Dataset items
════

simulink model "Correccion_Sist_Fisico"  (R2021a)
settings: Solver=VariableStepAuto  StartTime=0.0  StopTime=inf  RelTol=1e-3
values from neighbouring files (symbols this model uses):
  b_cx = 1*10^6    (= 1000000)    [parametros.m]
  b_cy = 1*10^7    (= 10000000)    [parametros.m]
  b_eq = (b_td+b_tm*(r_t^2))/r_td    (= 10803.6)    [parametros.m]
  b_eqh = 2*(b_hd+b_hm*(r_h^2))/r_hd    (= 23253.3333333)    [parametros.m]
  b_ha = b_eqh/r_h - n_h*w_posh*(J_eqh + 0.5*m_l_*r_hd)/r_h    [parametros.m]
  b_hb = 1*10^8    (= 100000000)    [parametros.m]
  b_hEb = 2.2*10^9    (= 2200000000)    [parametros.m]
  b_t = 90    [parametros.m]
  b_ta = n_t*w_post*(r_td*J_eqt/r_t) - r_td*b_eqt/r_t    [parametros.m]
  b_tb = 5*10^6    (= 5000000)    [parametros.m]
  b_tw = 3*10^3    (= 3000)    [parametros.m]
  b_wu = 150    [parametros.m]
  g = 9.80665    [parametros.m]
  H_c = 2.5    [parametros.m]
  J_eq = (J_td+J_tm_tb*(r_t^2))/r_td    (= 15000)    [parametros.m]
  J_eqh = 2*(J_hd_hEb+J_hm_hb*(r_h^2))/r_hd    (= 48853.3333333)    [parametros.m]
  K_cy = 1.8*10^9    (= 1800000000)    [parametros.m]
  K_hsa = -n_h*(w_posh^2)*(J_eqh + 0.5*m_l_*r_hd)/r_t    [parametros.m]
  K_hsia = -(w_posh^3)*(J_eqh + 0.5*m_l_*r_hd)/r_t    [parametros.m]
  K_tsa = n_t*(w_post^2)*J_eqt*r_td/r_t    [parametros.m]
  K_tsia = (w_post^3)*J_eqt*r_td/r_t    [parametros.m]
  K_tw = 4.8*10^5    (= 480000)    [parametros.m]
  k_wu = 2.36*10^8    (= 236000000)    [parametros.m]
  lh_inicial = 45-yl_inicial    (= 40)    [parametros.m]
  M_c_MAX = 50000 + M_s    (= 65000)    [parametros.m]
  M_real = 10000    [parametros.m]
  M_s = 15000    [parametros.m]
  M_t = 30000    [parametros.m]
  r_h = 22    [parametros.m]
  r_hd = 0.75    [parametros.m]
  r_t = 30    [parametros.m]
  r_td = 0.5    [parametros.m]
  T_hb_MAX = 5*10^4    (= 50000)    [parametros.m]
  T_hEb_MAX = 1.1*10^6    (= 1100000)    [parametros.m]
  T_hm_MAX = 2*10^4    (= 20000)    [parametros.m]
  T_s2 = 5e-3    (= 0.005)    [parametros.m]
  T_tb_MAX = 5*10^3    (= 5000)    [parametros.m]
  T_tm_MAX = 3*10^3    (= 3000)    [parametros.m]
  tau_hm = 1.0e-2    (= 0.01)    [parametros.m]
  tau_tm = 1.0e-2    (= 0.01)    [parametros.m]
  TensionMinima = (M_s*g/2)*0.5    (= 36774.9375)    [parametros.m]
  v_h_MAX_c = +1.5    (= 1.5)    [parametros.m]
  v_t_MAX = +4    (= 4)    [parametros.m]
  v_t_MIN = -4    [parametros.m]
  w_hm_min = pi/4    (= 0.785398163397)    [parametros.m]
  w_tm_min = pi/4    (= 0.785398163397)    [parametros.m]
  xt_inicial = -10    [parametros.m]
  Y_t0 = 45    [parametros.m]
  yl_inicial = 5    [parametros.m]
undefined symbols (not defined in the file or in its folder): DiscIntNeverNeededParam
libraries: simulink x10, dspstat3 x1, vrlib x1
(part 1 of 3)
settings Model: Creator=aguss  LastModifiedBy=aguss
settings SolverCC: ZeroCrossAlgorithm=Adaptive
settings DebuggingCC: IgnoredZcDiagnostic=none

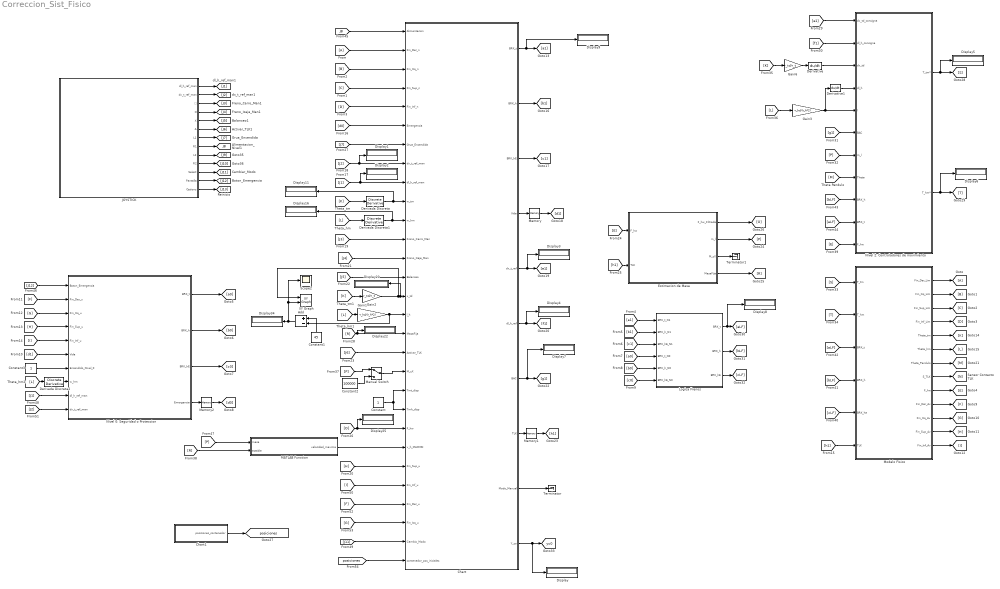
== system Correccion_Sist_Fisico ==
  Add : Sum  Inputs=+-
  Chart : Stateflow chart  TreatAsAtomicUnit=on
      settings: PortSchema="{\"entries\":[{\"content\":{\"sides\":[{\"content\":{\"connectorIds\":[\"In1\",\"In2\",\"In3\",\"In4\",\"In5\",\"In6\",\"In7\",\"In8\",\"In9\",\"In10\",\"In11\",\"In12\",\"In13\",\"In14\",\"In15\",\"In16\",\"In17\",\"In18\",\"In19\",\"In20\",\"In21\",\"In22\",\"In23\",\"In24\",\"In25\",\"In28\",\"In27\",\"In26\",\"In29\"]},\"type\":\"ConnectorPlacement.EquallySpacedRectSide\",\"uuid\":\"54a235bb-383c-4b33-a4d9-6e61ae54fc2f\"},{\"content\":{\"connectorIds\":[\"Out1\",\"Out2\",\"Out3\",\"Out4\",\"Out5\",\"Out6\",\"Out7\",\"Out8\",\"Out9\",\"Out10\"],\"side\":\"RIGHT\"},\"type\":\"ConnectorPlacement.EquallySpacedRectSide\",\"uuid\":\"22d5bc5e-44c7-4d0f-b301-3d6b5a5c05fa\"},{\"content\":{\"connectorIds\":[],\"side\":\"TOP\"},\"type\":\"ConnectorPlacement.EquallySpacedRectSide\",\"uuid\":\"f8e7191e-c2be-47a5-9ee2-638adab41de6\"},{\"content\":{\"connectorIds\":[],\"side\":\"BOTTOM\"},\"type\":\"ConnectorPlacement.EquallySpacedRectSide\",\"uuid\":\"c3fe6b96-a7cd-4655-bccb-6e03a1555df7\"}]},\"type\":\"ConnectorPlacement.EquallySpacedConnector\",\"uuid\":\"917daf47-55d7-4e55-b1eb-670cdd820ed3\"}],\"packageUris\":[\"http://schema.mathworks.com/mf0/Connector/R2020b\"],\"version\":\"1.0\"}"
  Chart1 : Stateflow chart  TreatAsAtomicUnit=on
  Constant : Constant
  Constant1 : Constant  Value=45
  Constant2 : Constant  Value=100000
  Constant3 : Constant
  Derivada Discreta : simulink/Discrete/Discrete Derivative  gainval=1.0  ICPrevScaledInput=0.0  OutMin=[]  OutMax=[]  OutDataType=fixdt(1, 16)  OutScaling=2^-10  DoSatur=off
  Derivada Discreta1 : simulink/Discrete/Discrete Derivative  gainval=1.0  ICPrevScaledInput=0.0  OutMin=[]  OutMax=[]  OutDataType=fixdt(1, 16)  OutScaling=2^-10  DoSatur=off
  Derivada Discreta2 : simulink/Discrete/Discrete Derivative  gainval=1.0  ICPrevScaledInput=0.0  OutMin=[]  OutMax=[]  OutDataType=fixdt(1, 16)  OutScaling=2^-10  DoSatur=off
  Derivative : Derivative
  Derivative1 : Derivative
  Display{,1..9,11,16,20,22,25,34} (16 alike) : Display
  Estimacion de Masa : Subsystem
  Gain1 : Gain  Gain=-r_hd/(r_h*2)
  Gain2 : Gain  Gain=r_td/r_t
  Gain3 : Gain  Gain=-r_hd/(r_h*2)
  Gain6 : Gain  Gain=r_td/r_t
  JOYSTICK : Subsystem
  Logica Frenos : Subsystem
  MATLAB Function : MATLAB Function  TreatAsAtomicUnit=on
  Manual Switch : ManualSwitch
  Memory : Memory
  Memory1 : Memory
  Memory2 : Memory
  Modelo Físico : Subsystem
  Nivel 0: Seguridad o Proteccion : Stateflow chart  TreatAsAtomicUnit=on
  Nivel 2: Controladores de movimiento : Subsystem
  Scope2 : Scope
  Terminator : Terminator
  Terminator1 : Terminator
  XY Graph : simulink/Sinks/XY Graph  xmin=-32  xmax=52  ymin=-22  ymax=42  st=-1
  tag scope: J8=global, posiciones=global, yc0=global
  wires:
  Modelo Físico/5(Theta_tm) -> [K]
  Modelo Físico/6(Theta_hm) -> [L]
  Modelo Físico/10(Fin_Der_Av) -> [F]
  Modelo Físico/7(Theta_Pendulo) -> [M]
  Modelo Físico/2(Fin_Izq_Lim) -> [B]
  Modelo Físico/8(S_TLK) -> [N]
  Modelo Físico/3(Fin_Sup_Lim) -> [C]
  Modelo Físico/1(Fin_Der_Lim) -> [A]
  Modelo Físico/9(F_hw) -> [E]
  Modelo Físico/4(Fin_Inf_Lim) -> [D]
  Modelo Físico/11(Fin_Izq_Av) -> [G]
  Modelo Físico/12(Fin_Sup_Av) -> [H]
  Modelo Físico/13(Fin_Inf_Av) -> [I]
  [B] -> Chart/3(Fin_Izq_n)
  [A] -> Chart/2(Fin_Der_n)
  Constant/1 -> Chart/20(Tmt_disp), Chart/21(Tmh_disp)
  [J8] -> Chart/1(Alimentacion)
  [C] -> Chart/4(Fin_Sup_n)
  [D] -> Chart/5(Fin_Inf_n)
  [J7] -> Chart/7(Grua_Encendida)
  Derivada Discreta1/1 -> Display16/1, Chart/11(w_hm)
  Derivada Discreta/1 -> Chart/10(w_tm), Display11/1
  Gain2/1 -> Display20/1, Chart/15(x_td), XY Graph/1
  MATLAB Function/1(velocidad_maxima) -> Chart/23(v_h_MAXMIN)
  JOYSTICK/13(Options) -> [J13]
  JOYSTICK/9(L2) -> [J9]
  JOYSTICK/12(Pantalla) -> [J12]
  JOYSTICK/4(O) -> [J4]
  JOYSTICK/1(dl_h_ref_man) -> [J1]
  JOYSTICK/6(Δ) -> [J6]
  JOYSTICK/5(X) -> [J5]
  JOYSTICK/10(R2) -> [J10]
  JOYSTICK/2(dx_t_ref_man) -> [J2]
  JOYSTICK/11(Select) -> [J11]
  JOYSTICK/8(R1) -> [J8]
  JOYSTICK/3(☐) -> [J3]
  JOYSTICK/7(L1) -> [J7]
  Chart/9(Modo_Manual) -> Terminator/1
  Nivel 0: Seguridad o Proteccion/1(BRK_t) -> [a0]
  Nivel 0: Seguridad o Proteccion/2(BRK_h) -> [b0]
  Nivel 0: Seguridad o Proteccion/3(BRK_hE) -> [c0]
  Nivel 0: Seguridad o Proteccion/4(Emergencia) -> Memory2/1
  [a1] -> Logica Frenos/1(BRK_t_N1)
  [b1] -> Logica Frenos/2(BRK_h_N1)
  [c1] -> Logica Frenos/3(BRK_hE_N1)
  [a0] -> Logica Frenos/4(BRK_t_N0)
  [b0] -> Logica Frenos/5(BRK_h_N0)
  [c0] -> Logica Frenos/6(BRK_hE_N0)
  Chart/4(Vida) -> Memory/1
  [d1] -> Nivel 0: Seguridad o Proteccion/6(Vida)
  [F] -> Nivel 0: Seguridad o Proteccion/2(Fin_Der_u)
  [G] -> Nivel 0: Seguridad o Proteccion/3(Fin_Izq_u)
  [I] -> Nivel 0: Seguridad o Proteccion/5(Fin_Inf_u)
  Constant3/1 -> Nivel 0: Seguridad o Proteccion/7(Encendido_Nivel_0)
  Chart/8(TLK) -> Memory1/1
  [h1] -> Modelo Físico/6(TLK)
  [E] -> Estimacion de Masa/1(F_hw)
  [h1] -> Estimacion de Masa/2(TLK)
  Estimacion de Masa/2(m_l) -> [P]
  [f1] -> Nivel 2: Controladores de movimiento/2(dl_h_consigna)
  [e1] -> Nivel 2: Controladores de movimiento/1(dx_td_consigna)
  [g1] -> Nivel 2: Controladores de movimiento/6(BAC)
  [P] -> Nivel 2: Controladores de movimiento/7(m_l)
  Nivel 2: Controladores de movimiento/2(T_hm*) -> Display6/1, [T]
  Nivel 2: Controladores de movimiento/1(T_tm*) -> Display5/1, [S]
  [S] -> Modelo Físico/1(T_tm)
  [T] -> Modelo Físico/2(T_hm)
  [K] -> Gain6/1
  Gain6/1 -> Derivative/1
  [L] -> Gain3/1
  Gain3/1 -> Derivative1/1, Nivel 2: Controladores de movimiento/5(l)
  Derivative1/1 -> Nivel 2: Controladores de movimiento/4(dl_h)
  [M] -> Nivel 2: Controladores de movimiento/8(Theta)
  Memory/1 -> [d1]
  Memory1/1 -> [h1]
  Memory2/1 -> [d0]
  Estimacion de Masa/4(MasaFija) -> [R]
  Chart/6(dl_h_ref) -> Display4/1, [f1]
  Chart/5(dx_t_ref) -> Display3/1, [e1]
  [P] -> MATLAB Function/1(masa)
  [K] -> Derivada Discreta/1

════

_WHAT YOU ARE ASKED TO DO:_
Exactly the lines above from the one with "b_eqh = 2*(b_hd+b_hm*(r_h^2))/r_hd" to the one with "g = 9.80665", both included, are to be quoted; leave the rest out.

_ANSWER BELOW:_
  b_eqh = 2*(b_hd+b_hm*(r_h^2))/r_hd    (= 23253.3333333)    [parametros.m]
  b_ha = b_eqh/r_h - n_h*w_posh*(J_eqh + 0.5*m_l_*r_hd)/r_h    [parametros.m]
  b_hb = 1*10^8    (= 100000000)    [parametros.m]
  b_hEb = 2.2*10^9    (= 2200000000)    [parametros.m]
  b_t = 90    [parametros.m]
  b_ta = n_t*w_post*(r_td*J_eqt/r_t) - r_td*b_eqt/r_t    [parametros.m]
  b_tb = 5*10^6    (= 5000000)    [parametros.m]
  b_tw = 3*10^3    (= 3000)    [parametros.m]
  b_wu = 150    [parametros.m]
  g = 9.80665    [parametros.m]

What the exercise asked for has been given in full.